## Problem description
Give back exactly the lines of the data below, starting with the line that has "line L1 (-20, 38.5) -> (-12.5, 38.5)" and going on through the line that has "line L1 (-0.75, 69) -> (0.75, 69)".

Source records
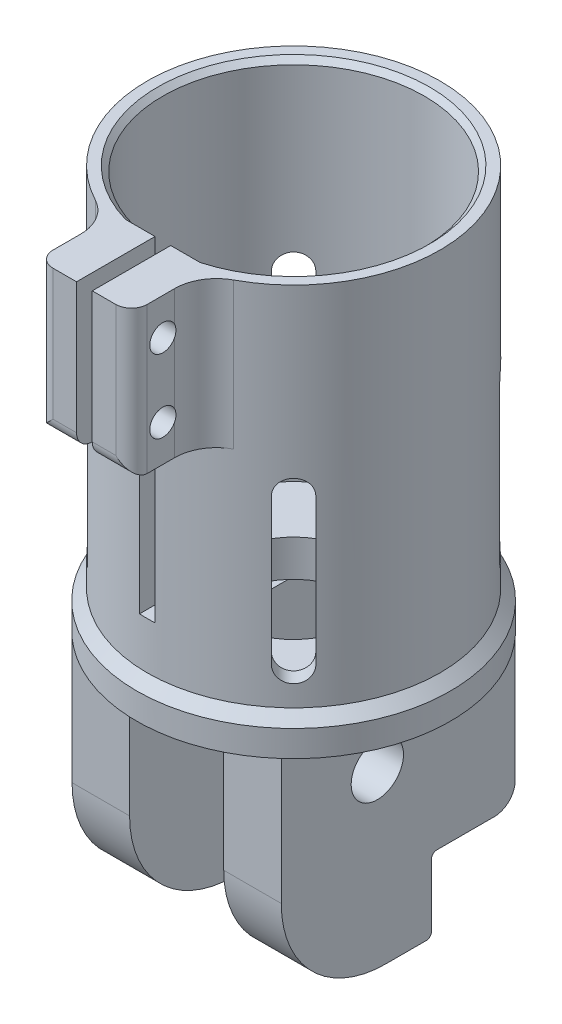
SolidWorks part; units mm, degrees
ref_plane "Front" through (0, 0, 0) normal (0, 0, 1) x (1, 0, 0)
ref_plane "Top" through (0, 0, 0) normal (0, 1, 0) x (1, 0, 0)
ref_plane "Right" through (0, 0, 0) normal (1, 0, 0) x (0, 0, -1)
sketch "Esquisse1" plane through (0, 0, 0) normal (0, 0, 1) x (1, 0, 0)
  line L0 (0, 0) -> (0, 39.8665) construction
  line L1 (-6, 0) -> (-15, 0)
  line L2 (-15, 0) -> (-15, 3.5)
  line L3 (-15, 3.5) -> (-14, 3.5)
  line L4 (-14, 3.5) -> (-14, 38.5)
  line L5 (-14, 38.5) -> (-12.5, 38.5)
  line L6 (-12.5, 38.5) -> (-12.5, 3.5)
  line L7 (-12.5, 3.5) -> (-6, 3.5)
  line L8 (-6, 3.5) -> (-6, 0)
  dimension "D1" = 25
  dimension "D2" = 28
  dimension "D3" = 35
  dimension "D4" = 3.5
  dimension "D5" = 30
  dimension "D6" = 12
revolve "Révolution1" add sketch "Esquisse1" angle 360 about L0
chamfer "Chanfrein1" distance 1 angle 45 1 edges at (0, 3.5, -15)
sketch "Esquisse2" plane through (0, 0, 0) normal (0, -1, 0) x (1, 0, 0)
  line L0 (0, 0) -> (0, 16.0415) construction
  line L1 (-10, 11.1803) -> (-4.5, 11.1803)
  line L2 (-10, 11.1803) -> (-10, -11.1803)
  line L3 (-10, -11.1803) -> (-4.5, -11.1803)
  line L4 (-4.5, 11.1803) -> (-4.5, -11.1803)
  line L5 (4.5, 11.1803) -> (4.5, -11.1803)
  line L6 (10, -11.1803) -> (4.5, -11.1803)
  line L7 (10, 11.1803) -> (10, -11.1803)
  line L8 (10, 11.1803) -> (4.5, 11.1803)
  circle A0 centre (0, 0) radius 15 construction
  dimension "D1" = 20
  dimension "D2" = 9
extrude "Boss.-Extru.1" add sketch "Esquisse2" along normal blind 22
fillet "Congé1" radius 10 2 edges at (-7.25, -22, 11.1803) (7.25, -22, 11.1803)
sketch "Esquisse3" plane through (-10, 0, 0) normal (-1, 0, 0) x (0, 0, 1)
  line L0 (-11.1803, 0) -> (11.1803, 0) construction
  line L1 (-11.1803, -22) -> (-3.1803, -22)
  line L2 (-11.1803, -22) -> (-11.1803, -15)
  line L3 (-11.1803, -15) -> (-3.1803, -15)
  line L4 (-3.1803, -22) -> (-3.1803, -15)
  dimension "D1" = 15
  dimension "D2" = 8
extrude "Enlèv. mat.-Extru.1" cut sketch "Esquisse3" against normal through all
fillet "Congé2" radius 2 2 edges at (7.25, -15, -11.1803) (-7.25, -15, -11.1803)
fillet "Congé3" radius 0.5 4 edges at (7.25, -22, -3.1803) (-7.25, -22, -3.1803) (7.25, -15, -3.1803) (-7.25, -15, -3.1803)
sketch "Esquisse4" plane through (0, 0, 0) normal (1, 0, 0) x (0, 0, -1)
  line L0 (11.1803, 0) -> (-11.1803, 0) construction
  line L1 (-15, 2.5) -> (-15, 0) construction
  circle A0 centre (-2, -5.5) radius 2.5
  dimension "D1" = 5.5
  dimension "D3" = 5
  dimension "D2" = 13
extrude "Enlèv. mat.-Extru.2" cut sketch "Esquisse4" against normal through all both and the other way through all
chamfer "Chanfrein2" distance 0.5 angle 45 1 edges at (0, 38.5, -12.5)
sketch "Esquisse6" plane through (0, 0, 0) normal (1, 0, 0) x (0, 0, -1)
  line L0 (14, 38.5) -> (-14, 38.5) construction
  line L1 (-20, 38.5) -> (-12.5, 38.5)
  line L2 (-20, 38.5) -> (-20, 24.5)
  line L3 (-20, 24.5) -> (-12.5, 24.5)
  line L4 (-12.5, 38.5) -> (-12.5, 24.5)
  dimension "D1" = 12.5
  dimension "D2" = 14
  dimension "D3" = 7.5
extrude "Boss.-Extru.2" add sketch "Esquisse6" along normal mid plane 9
fillet "Congé4" radius 4 2 edges at (4.5, 31.5, 13.2571) (-4.5, 31.5, 13.2571)
fillet "Congé5" radius 1.5 3 edges at (-4.5, 31.5, 20) (0, 24.5, 20) (4.5, 31.5, 20)
sketch "Esquisse5" plane through (0, 0, 0) normal (0, 0, 1) x (1, 0, 0)
  line L0 (14, 38.5) -> (-14, 38.5) construction
  line L1 (-0.75, 69) -> (0.75, 69)
  line L2 (-0.75, 69) -> (-0.75, 8)
  line L3 (-0.75, 8) -> (0.75, 8)
  line L4 (0.75, 69) -> (0.75, 8)
  line L5 (-0.75, 69) -> (0.75, 8) construction
  line L6 (-0.75, 8) -> (0.75, 69) construction
  line L7 (-10, 0) -> (10, 0) construction
  point P0 (0, 38.5)
  dimension "D1" = 8
  dimension "D2" = 1.5
extrude "Enlèv. mat.-Extru.3" cut sketch "Esquisse5" along normal through all
sketch "Esquisse7" plane through (0, 0, 0) normal (1, 0, 0) x (0, 0, -1)
  line L1 (-15.8666, 38.5) -> (-18.5, 38.5) construction
  circle A0 centre (-17, 28) radius 1.25
  circle A1 centre (-17, 35) radius 1.25
  dimension "D1" = 2.5
  dimension "D2" = 7
  dimension "D3" = 3.5
  dimension "D4" = 17
extrude "Enlèv. mat.-Extru.4" cut sketch "Esquisse7" against normal through all both and the other way through all
ref_plane "Plan1" through (9.8995, 0, -9.8995) normal (0.7071, 0, -0.7071) x (0, -1, 0)
sketch "Esquisse8" plane through (9.8995, 0, -9.8995) normal (0.7071, 0, -0.7071) x (0, -1, 0)
  line L0 (-7, 0) -> (-21, 0) construction
  line L1 (-7, -1.5) -> (-21, -1.5)
  line L2 (-7, 1.5) -> (-21, 1.5)
  line L3 (0, 0.8346) -> (0, 14.9768) construction
  arc A0 (-7, -1.5) -> (-7, 1.5) centre (-7, 0) ccw
  arc A1 (-21, 1.5) -> (-21, -1.5) centre (-21, 0) ccw
  point P3 (-14, 0)
  point P8 (-22.5, 0)
  point P9 (-5.5, 0)
  dimension "D1" = 3
  dimension "D2" = 17
  dimension "D3" = 5.5
extrude "Enlèv. mat.-Extru.5" cut sketch "Esquisse8" against normal up to next
pattern_circular "Répétition circulaire1" count 4 over 360 about axis through (0, 0, 0) along (0, -1, 0) of "Enlèv. mat.-Extru.5"
sketch "Sketch1" [suppressed] plane through (10, 0, 0) normal (1, 0, 0) x (0, 0, -1)
  line L3 (3.6803, -15) -> (9.1803, -15) construction
  arc A0 (-11.1803, -12) -> (-1.1803, -22) centre (-1.1803, -12) ccw construction
  arc A3 (9.1803, -15) -> (11.1803, -13) centre (9.1803, -13) ccw construction
  spline S0 degree 3 poles (-11.1803, 0) (-11.191, -5.1891) (-11.2237, -9.2177) (-11.1391, -15.2738) (-9.5726, -17.3228) (-7.1765, -20.526) (-4.0215, -21.825) (-0.1566, -22.0711) (2.1137, -21.9948) (2.8523, -22.0103) (3.1957, -21.773) (3.1652, -20.8099) (3.1781, -15.9449) (3.1765, -15.2396) (3.4805, -14.9942) (4.2886, -14.9952) (6.108, -15.0079) (9.1803, -15) knots 0 0 0 0 0.173161 0.216262 0.407156 0.451485 0.615221 0.644912 0.718702 0.731529 0.760358 0.771751 0.834073 0.846716 0.885537 0.901351 1 1 1 1
sketch "Sketch3" plane through (10, 0, 0) normal (1, 0, 0) x (0, 0, -1)
  line L0 (3.6803, -15) -> (9.1803, -15) construction
  line L1 (3.1803, -21.5) -> (3.1803, -15.5) construction
  line L2 (2.6803, -22) -> (-1.1803, -22) construction
  line L3 (-11.1803, -12) -> (-11.1803, 0) construction
  line L4 (3.6803, -15) -> (9.1803, -15)
  line L5 (3.1803, -21.5) -> (3.1803, -15.5)
  line L6 (2.6803, -22) -> (-1.1803, -22)
  line L7 (-11.1803, -12) -> (-11.1803, 0)
  line L8 (5.4303, -17.25) -> (9.1803, -17.25) construction
  line L9 (5.4303, -21.5) -> (5.4303, -17.25) construction
  line L10 (2.6803, -24.25) -> (-1.1803, -24.25) construction
  line L11 (-13.4303, -12) -> (-13.4303, 0) construction
  arc A0 (3.6803, -15) -> (3.1803, -15.5) centre (3.6803, -15.5) ccw construction
  arc A1 (2.6803, -22) -> (3.1803, -21.5) centre (2.6803, -21.5) ccw construction
  arc A2 (-11.1803, -12) -> (-1.1803, -22) centre (-1.1803, -12) ccw construction
  arc A3 (3.6803, -15) -> (3.1803, -15.5) centre (3.6803, -15.5) ccw
  arc A4 (2.6803, -22) -> (3.1803, -21.5) centre (2.6803, -21.5) ccw
  arc A5 (-11.1803, -12) -> (-1.1803, -22) centre (-1.1803, -12) ccw
  arc A6 (5.4303, -17.25) -> (5.4303, -17.25) centre (5.4303, -17.25) ccw construction
  arc A7 (2.6803, -24.25) -> (5.4303, -21.5) centre (2.6803, -21.5) ccw construction
  arc A8 (-13.4303, -12) -> (-1.1803, -24.25) centre (-1.1803, -12) ccw construction
sketch "Pin Path" plane through (10, 0, 0) normal (1, 0, 0) x (0, 0, -1)
  line L0 (5.4303, -17.25) -> (9.1803, -17.25) construction
  line L1 (5.4303, -21.5) -> (5.4303, -17.25) construction
  line L2 (2.6803, -24.25) -> (-1.1803, -24.25) construction
  line L3 (-13.4303, -12) -> (-13.4303, 0) construction
  arc A0 (2.6803, -24.25) -> (5.4303, -21.5) centre (2.6803, -21.5) ccw construction
  arc A1 (-13.4303, -12) -> (-1.1803, -24.25) centre (-1.1803, -12) ccw construction
  spline S0 degree 3 poles (-13.4303, 0) (-13.4303, -4) (-13.4303, -8.5311) (-13.4303, -13.5932) (-13.0438, -15.1895) (-12.7011, -16.1972) (-12.4979, -16.6879) (-10.6884, -21.0563) (-6.8642, -23.837) (-2.1507, -24.2115) (-2.0432, -24.2201) (-1.8278, -24.2343) (-1.5041, -24.25) (-0.0014, -24.25) (1.5127, -24.25) (3.038, -24.25) (3.3963, -24.1632) (3.6226, -24.0863) (3.7327, -24.0407) (4.4156, -23.7578) (4.9382, -23.2352) (5.221, -22.5524) (5.2666, -22.4422) (5.3436, -22.216) (5.4303, -21.8577) (5.4303, -20.2446) (5.4303, -18.7321) (5.4303, -17.3201) (5.4856, -17.25) (6.7359, -17.25) (7.9674, -17.25) (9.1803, -17.25) knots 0 0 0 0 0.257586 0.291786 0.325986 0.360185 0.360185 0.360185 0.6348 0.6348 0.6348 0.641749 0.648697 0.655646 0.738517 0.746195 0.753872 0.76155 0.76155 0.76155 0.80673 0.80673 0.80673 0.814407 0.822085 0.829762 0.918282 0.919486 0.92069 0.921894 1 1 1 1 weights 1 1 1 1 1 1 1 0.901892 0.901892 1 1 1 1 1 1 1 1 1 1 0.949253 0.949253 1 1 1 1 1 1 1 1 1 1 1

## Exercise output
  line L1 (-20, 38.5) -> (-12.5, 38.5)
  line L2 (-20, 38.5) -> (-20, 24.5)
  line L3 (-20, 24.5) -> (-12.5, 24.5)
  line L4 (-12.5, 38.5) -> (-12.5, 24.5)
  dimension "D1" = 12.5
  dimension "D2" = 14
  dimension "D3" = 7.5
extrude "Boss.-Extru.2" add sketch "Esquisse6" along normal mid plane 9
fillet "Congé4" radius 4 2 edges at (4.5, 31.5, 13.2571) (-4.5, 31.5, 13.2571)
fillet "Congé5" radius 1.5 3 edges at (-4.5, 31.5, 20) (0, 24.5, 20) (4.5, 31.5, 20)
sketch "Esquisse5" plane through (0, 0, 0) normal (0, 0, 1) x (1, 0, 0)
  line L0 (14, 38.5) -> (-14, 38.5) construction
  line L1 (-0.75, 69) -> (0.75, 69)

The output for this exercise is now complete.